[PROVIDED DATA Boundary: Start]

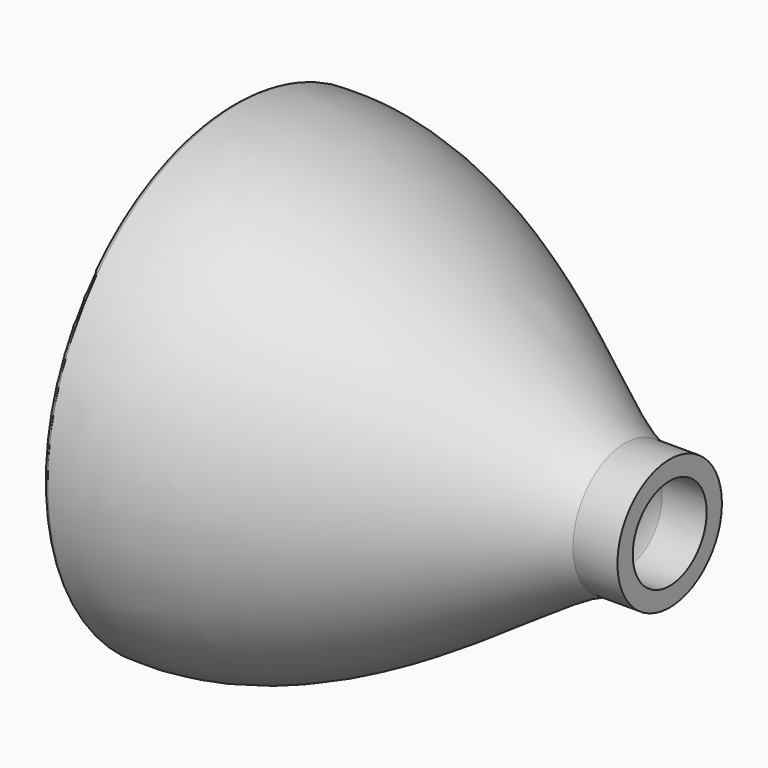
from build123d import *


# Not quite as in the source:
# - ends of sketch curves that miss each other by under 0.0002 mm in the source are joined
# - the dataset's text gives a spline's control points without its knots; the knots are read off the source's solid


with BuildPart() as f1:
    # F0 (on Top) → F1 (revolve)
    with BuildSketch(Plane.XY):
        Polygon((91.3116050863, 22.3759908215), (76.0716050863, 22.3759908215), (76.0716050863, 16.0226677732), (76.0716050863, 15.8381145447), (91.3116050863, 15.8381145447), align=None)
        with BuildLine():
            Line((76.0716050863, 16.0226677732), (76.0716050863, 22.3759908215))
            add(Edge.make_bspline(
                [(-56.4722613609, 81.6401132205), (-52.6798548628, 81.7974523925), (-45.1427955186, 81.6082252704), (-30.3507258747, 79.4792224524), (-12.5126860956, 74.0390077394), (7.5999931638, 64.5670910238), (26.1953157898, 53.5418439599), (40.1996337275, 44.1849486662), (50.3368797082, 37.2762913548), (57.3522822479, 32.5567032312), (63.7139533786, 28.4764684874), (69.3281338193, 25.2178951661), (73.2614295087, 23.3436374263), (75.296096269, 22.6107511928), (75.9695894554, 22.4060960407), (76.0716050863, 22.3759908215)],
                knots=[0, 0, 0, 0, 0.0625, 0.125, 0.25, 0.375, 0.5, 0.625, 0.6875, 0.75, 0.8125, 0.875, 0.9375, 0.96875, 0.974461933, 0.974461933, 0.974461933, 0.974461933], degree=3))
            ThreePointArc((-56.4722613609, 81.6401132205), (-58.7091129412, 78.369579758), (-56.2090393346, 75.2955716118))
            add(Edge.make_bspline(
                [(-56.2090393346, 75.2955716118), (0, 77.627569437), (53.4257777035, 20.3464794904), (76.0716050863, 15.8381145447)],
                knots=[0, 0, 0, 0, 145.0288181338, 145.0288181338, 145.0288181338, 145.0288181338], degree=3))
            Line((76.0716050863, 15.8381145447), (76.0716050863, 16.0226677732))
        make_face()
    revolve(axis=Axis((4.5482069254, 0, 0), (1, 0, 0)))


solid = f1.part

[PROVIDED DATA Boundary: End]

▶ _EXERCISE PROMPT_
After going through the entries, say how many lines contain the string "knots". Nothing else belongs in the reply.

▶ _YOUR RESPONSE_
3